Hydane looked confused and then his eyes sharpened as if figuring out the tension. "You were not intentionally left out of the planning." Hydane said. "It was a consequence of your being wrapped up in legal affairs for the last week. No offense was intended."

Crow nodded. "If my name and talent are going to be used, I want kept in the loop in the future."

"I would not have it any other way." Hydane said. His face broke into a smile. "Come now, harsh words aside, let's focus on the task. It is an entertaining one. That's too rare in this business of ours."

Crow nodded and went on, although he could not remove all the strain from his voice. "So what's the scam? I take it we're not walking in there to actually inspect anything?"

"That's the beauty of it." Hydane said with a broad grin, teeth flashing like a shark's. "We're going to do exactly what we said we'd do. We'll just do a couple other things too that they don't need to know about."

The plane landed on time in Vancouver and they spent the next two hours navigating their way through the odd labyrinth of customs. The trek took them through lines on wide customs-free zone catwalks arching fifty feet above the rest of the airport for at least a mile before finally dipping down escalators to a final set of customs agents arrayed at desks like toll booths before a bridge. The flags of the world hung above them from the steel supports of a glass ceiling that tempted them with blue skies it seemed they would never reach. At last the stiff and British looking agents let them through with their carry-on bags into Canada proper.
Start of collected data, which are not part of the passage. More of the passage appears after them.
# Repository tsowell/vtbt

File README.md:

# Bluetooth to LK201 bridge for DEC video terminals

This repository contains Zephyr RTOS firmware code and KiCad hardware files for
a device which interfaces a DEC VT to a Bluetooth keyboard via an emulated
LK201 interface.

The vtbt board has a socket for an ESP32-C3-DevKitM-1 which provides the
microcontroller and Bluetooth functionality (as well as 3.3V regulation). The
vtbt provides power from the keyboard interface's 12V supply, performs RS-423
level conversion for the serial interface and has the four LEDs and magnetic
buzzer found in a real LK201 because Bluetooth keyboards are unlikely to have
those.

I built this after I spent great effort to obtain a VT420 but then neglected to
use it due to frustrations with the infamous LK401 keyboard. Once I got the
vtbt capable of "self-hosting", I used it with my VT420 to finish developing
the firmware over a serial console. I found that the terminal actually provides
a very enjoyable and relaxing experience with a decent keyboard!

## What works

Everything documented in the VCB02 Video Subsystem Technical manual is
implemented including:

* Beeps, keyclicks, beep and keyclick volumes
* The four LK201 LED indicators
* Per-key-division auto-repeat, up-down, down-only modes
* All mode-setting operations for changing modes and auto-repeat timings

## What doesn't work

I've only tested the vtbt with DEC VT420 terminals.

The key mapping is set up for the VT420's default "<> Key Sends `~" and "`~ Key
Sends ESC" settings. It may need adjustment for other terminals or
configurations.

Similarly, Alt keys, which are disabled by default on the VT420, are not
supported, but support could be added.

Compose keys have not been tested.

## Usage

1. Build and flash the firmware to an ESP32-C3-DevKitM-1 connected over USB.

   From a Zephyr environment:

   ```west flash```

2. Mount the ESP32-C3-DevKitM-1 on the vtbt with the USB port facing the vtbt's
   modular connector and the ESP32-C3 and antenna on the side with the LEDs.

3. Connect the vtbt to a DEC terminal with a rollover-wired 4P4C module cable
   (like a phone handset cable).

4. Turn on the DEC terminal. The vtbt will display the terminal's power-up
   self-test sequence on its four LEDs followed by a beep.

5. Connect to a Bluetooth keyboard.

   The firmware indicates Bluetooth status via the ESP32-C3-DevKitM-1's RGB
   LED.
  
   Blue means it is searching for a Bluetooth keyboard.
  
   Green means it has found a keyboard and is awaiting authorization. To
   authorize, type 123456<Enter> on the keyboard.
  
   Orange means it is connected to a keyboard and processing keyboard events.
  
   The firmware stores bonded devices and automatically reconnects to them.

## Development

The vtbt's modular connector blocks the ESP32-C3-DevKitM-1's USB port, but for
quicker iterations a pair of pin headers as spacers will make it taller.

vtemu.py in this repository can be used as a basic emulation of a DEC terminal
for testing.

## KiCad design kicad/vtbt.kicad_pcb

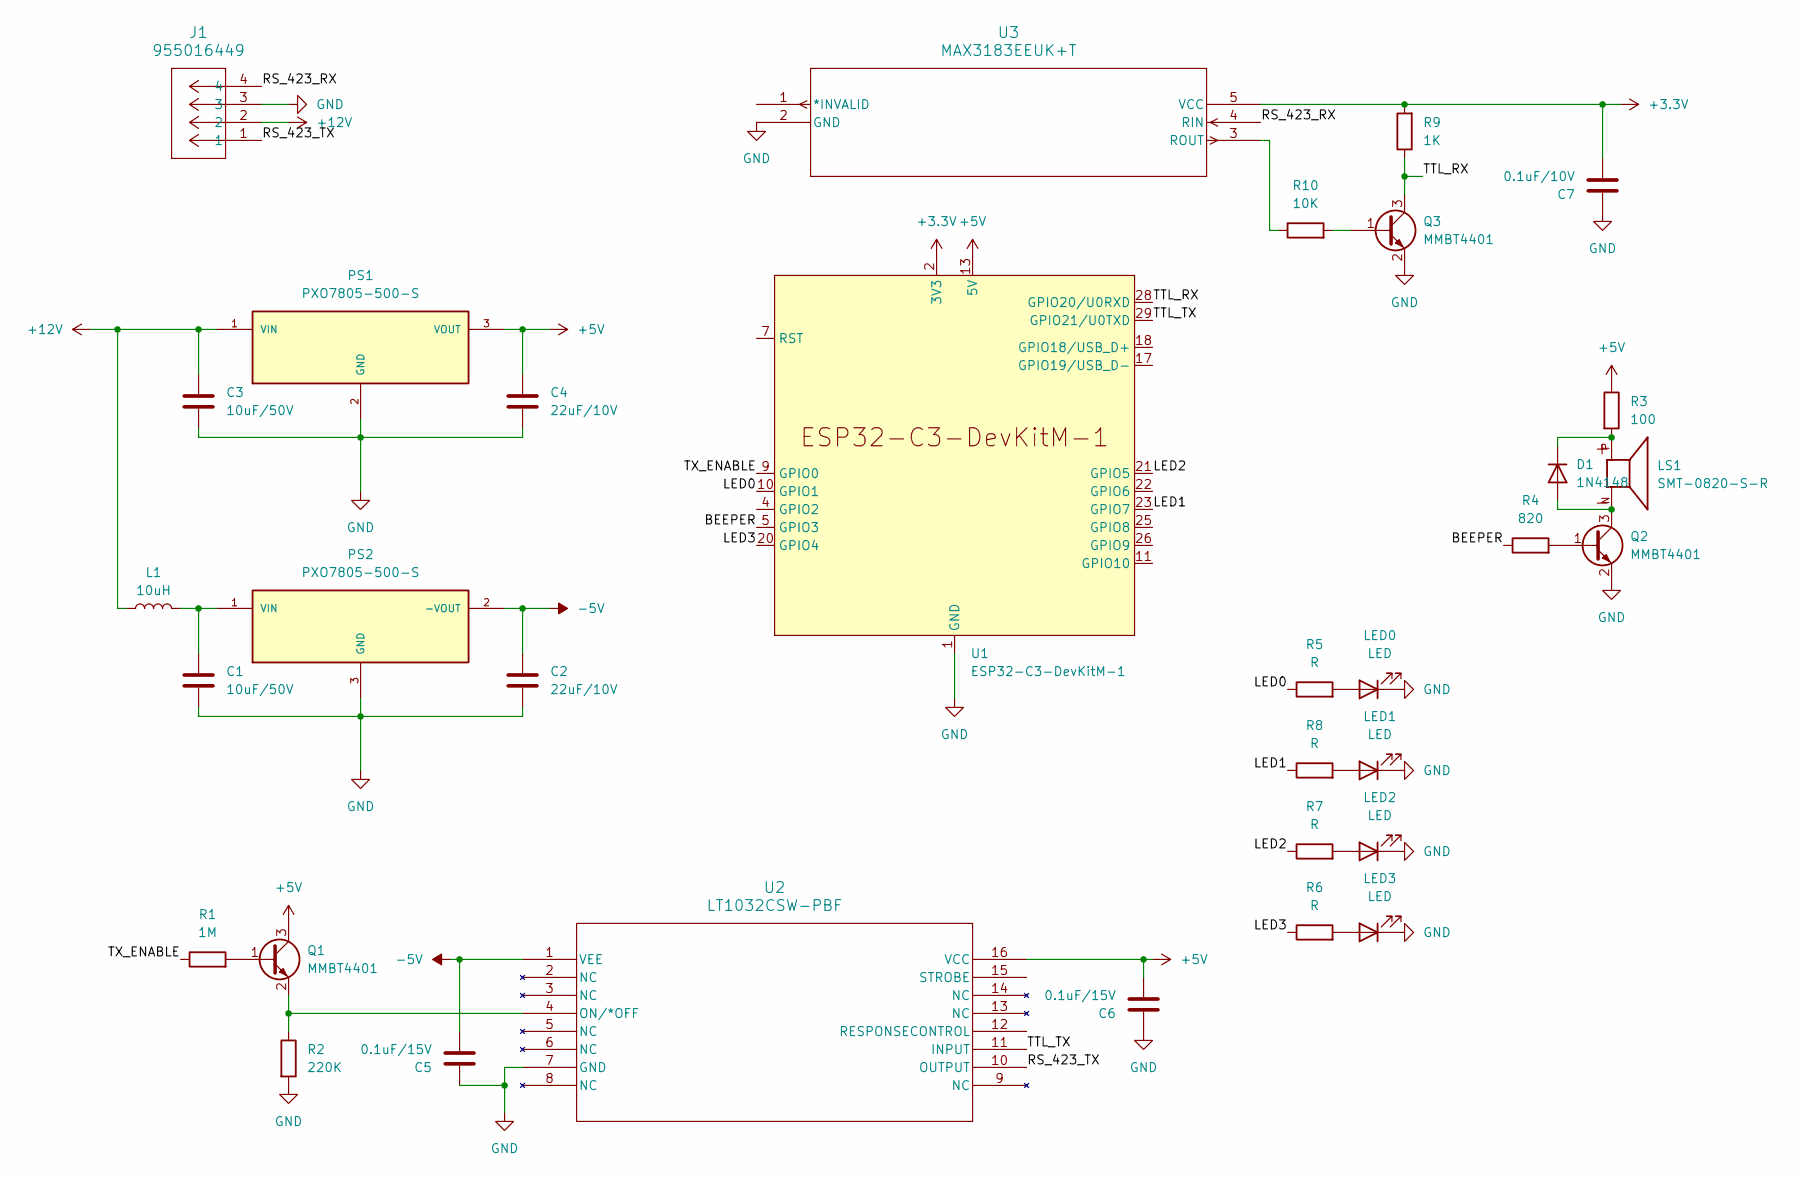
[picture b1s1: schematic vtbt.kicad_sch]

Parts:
C1, C3: 10uF/50V; C_1206_3216Metric_Pad1.33x1.80mm_HandSolder
C2, C4: 22uF/10V; C_0805_2012Metric_Pad1.18x1.45mm_HandSolder
C5, C6: 0.1uF/15V; C_0603_1608Metric
C7: 0.1uF/10V; C_0603_1608Metric
D1: 1N4148; D_SOD-123
J1: 955016449; CONN_95501-6449_MOL
L1: 10uH; L_0603_1608Metric_Pad1.05x0.95mm_HandSolder
LED0, LED1, LED2, LED3: LED; LED_1206_3216Metric_Pad1.42x1.75mm_HandSolder
LS1: SMT-0820-S-R; XDCR_SMT-0820-S-R; PARTREV B
PS1, PS2: PXO7805-500-S; CONV_PXO7805-500-S; PARTREV 08/22/2022
Q1, Q2, Q3: MMBT4401; SOT-23
R1: 1M; R_0603_1608Metric_Pad0.98x0.95mm_HandSolder
R2: 220K; R_0603_1608Metric_Pad0.98x0.95mm_HandSolder
R3: 100; R_0603_1608Metric_Pad0.98x0.95mm_HandSolder
R4: 820; R_0603_1608Metric_Pad0.98x0.95mm_HandSolder
R5, R6, R7, R8: R; R_0603_1608Metric_Pad0.98x0.95mm_HandSolder
R9: 1K; R_0603_1608Metric_Pad0.98x0.95mm_HandSolder
R10: 10K; R_0603_1608Metric_Pad0.98x0.95mm_HandSolder
U1: ESP32-C3-DevKitM-1; ESP32-C3-DevKitM-1_minimal
U2: LT1032CSW-PBF; SOIC-16W_7.5x10.3mm_P1.27mm
U3: MAX3183EEUK+T; SOT-23-5

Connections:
+3.3V: C7.2, R9.2, U1.2 (3V3), U1.3 (3V3), U3.5 (VCC)
+5V: C4.1, C6.2, PS1.3 (VOUT), Q1.3 (C), R3.1, U1.13 (5V), U1.14 (5V), U2.16 (VCC)
+12V: C3.1, J1.2, L1.1, PS1.1 (VIN)
-5V: C2.1, C5.2, PS2.2 (-VOUT), U2.1 (VEE)
/BEEPER: R4.1, U1.5 (GPIO3)
/LED0: R5.1, U1.10 (GPIO1)
/LED1: R8.1, U1.23 (GPIO7)
/LED2: R7.1, U1.21 (GPIO5)
/LED3: R6.1, U1.20 (GPIO4)
/RS_423_RX: J1.4, U3.4 (RIN)
/RS_423_TX: J1.1, U2.10 (OUTPUT)
/TTL_RX: Q3.3 (C), R9.1, U1.28 (GPIO20/U0RXD)
/TTL_TX: U1.29 (GPIO21/U0TXD), U2.11 (INPUT)
/TX_ENABLE: R1.1, U1.9 (GPIO0)
GND: C1.2, C2.2, C3.2, C4.2, C5.1, C6.1, C7.1, J1.3, LED0.1 (K), LED1.1 (K), LED2.1 (K), LED3.1 (K), PS1.2 (GND), PS2.3 (GND), Q2.2 (E), Q3.2 (E), R2.2, U1.1 (GND), U1.6 (GND), U1.8 (GND), U1.12 (GND), U1.15 (GND), U1.16 (GND), U1.19 (GND), U1.24 (GND), U1.27 (GND), U1.30 (GND), U2.7 (GND), U3.2 (GND)
unnamed: D1.2 (A), LS1.N, Q2.3 (C)
unnamed: D1.1 (K), LS1.P, R3.2
unnamed: LED0.2 (A), R5.2
unnamed: LED1.2 (A), R8.2
unnamed: LED2.2 (A), R7.2
unnamed: LED3.2 (A), R6.2
unnamed: C1.1, L1.2, PS2.1 (VIN)
unnamed: Q1.1 (B), R1.2
unnamed: Q1.2 (E), R2.1, U2.4 (ON/*OFF)
unnamed: Q2.1 (B), R4.2
unnamed: Q3.1 (B), R10.2
unnamed: R10.1, U3.3 (ROUT)

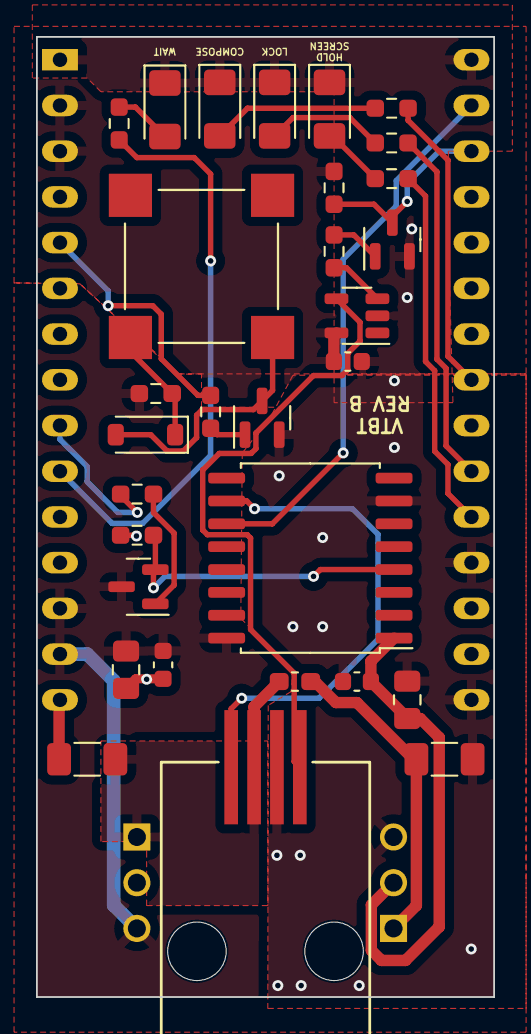
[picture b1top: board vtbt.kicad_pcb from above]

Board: 2 copper layers, 25.4 x 53.3 mm, 33 parts (0 on the bottom side), 27 nets.

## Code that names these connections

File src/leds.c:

#include <zephyr/drivers/gpio.h>
#include <zephyr/logging/log.h>

#include "leds.h"

LOG_MODULE_REGISTER(leds, CONFIG_LOG_DEFAULT_LEVEL);

static const struct gpio_dt_spec leds[NUM_LEDS] = {
	GPIO_DT_SPEC_GET_OR(DT_NODELABEL(led0), gpios, {0}),
	GPIO_DT_SPEC_GET_OR(DT_NODELABEL(led1), gpios, {0}),
	GPIO_DT_SPEC_GET_OR(DT_NODELABEL(led2), gpios, {0}),
	GPIO_DT_SPEC_GET_OR(DT_NODELABEL(led3), gpios, {0}),
};

int
leds_init(void)
{
	int ret;
	for (int i = 0; i < NUM_LEDS; i++) {
		if (!gpio_is_ready_dt(&leds[i])) {
			LOG_ERR("led%d pin GPIO port is not ready.", i);
			return -1;
		}

		ret = gpio_pin_configure_dt(&leds[i], GPIO_OUTPUT_INACTIVE);
		if (ret != 0) {
			LOG_ERR("Configuring led%d GPIO pin failed: %d",
			        i, ret);
			return -1;
		}
	}

	return 0;
}

void
leds_on(int which)
{
	gpio_pin_set_dt(&leds[which], 1);
}

void
leds_off(int which)
{
	gpio_pin_set_dt(&leds[which], 0);
}

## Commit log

2024-02-29 Only load settings when enabled
2024-03-01 Look for boot services
2024-04-28 Add license
2024-04-28 Implement reinstate defaults command
2024-04-28 Keyclick every key down and metronome
2024-04-28 Support Change All Auto Repeat to Down Only
2024-04-28 Inhibit auto repeat, and global enable/disable
2024-04-28 Request keyboard ID
2024-04-28 Read serial messages
2024-04-28 Make division/buffer defaults constant
2024-04-28 HID keys up/down
2024-04-28 Iterate down keys in reverse without temp buffer
2024-04-28 Order functions like VCB02
2024-04-28 ACK reinstate defaults
2024-04-28 Add ARG_UNUSED
2024-04-28 Fix incorrect constant usage
2024-04-28 Fix swapped , and ' keycodes
2024-04-28 Set default volumes
2024-04-28 Remove unused key array
2024-04-28 Use safe dlist macros only when removing
2024-04-28 Use on/off API for LEDs for consistency
2024-04-28 4800 baud
2024-04-28 Initial auto-repeat support
2024-04-28 Test mode
2024-04-28 Fix #define case in leds.h
2024-04-28 Fix misnamed hid_to_lk201_map permanently
2024-04-28 Initial Down/Up key support
2024-04-28 Reorder peripheral command categories like VCB02
2024-04-28 Use int-driven UART, msgqs for keyboard, timer
2024-04-28 Save Bluetooth pairings
2024-04-28 Use default auto-repeat buffer if not specified
2024-04-28 Split into modules
2024-04-28 Handle mode changes
2024-04-28 Add images to README
2024-04-28 Disable saving devices
2024-04-28 Send input error on unrecognized command
2024-04-28 LEDs for pairing status
2024-04-28 LEDs, working on beeper
2024-04-28 Refactor keyboard, metronome handlers into modules
2024-04-28 Add KiCad project
2024-04-28 Refactor flow control into module
2024-04-28 Code reformatting and documentation
2024-04-28 Flow control
2024-04-28 Remap `~ to <> and Esc to `~
    This produces the correct corresponding keycodes with the default VT420
    settings which translate <> to `~ and `~ to Esc.
2024-04-28 Use final LED GPIOs
2024-04-28 Working on serial, refactoring
2024-04-28 Clean up formatting
    bluetooth.c was inherited from Zephyr sample code and needed some
    cleanup for consistency.
2024-04-28 Add vtemu.py for testing
2024-04-28 Refactor command handling
2024-04-28 Set LED to amber for already-bonded devices
2024-04-28 Remove UART mutex
2024-04-28 Add Kconfig
2024-04-28 Add attribution
2024-04-28 Beeper and proof-of-concept key events
2024-04-28 Set board for Zephyr
2024-04-28 Remove old lk201_ prefix in keyboard module
2024-04-28 Remove extra ACKs, add startup responses
    These were discovered through analyzing a real LK201.
2024-04-28 Disable ctrl keyclick by default
2024-04-28 Comment on TX semaphore use
2024-11-18 Reroute for rollover-wired modular cable
    Phone handset cables are commonly available and use rollover-wiring.

"The border's so lax you could drive a tank right across blaring 'gonna kill me some canucks' from a stereo, but once you fly in you've got to be prodded and strip searched and have body cavities inspected that you didn't even know you had." Crow said. "It would have been faster to drive the twenty hours, at the rate that took."

A cab took them to a hotel near Stanley Park and they dined in the hotel restaurant on Da Vinci-purchased tenderloin. They drank a few vodkas at the bar and went over for the last time the plans for the next day before Crow excused himself and found his room, a suite on the twelfth floor and overlooking the waterfront. Crow watched a red-hulled superfreighter the size of an aircraft carrier taking on a load of chemicals from the apartment block sized yellow mound across the sound. Fertilizer, Crow guessed, but he had no way of really knowing. He'd never been out of the cities much, and occasional vacations hadn't taken him to farms so much as other cities.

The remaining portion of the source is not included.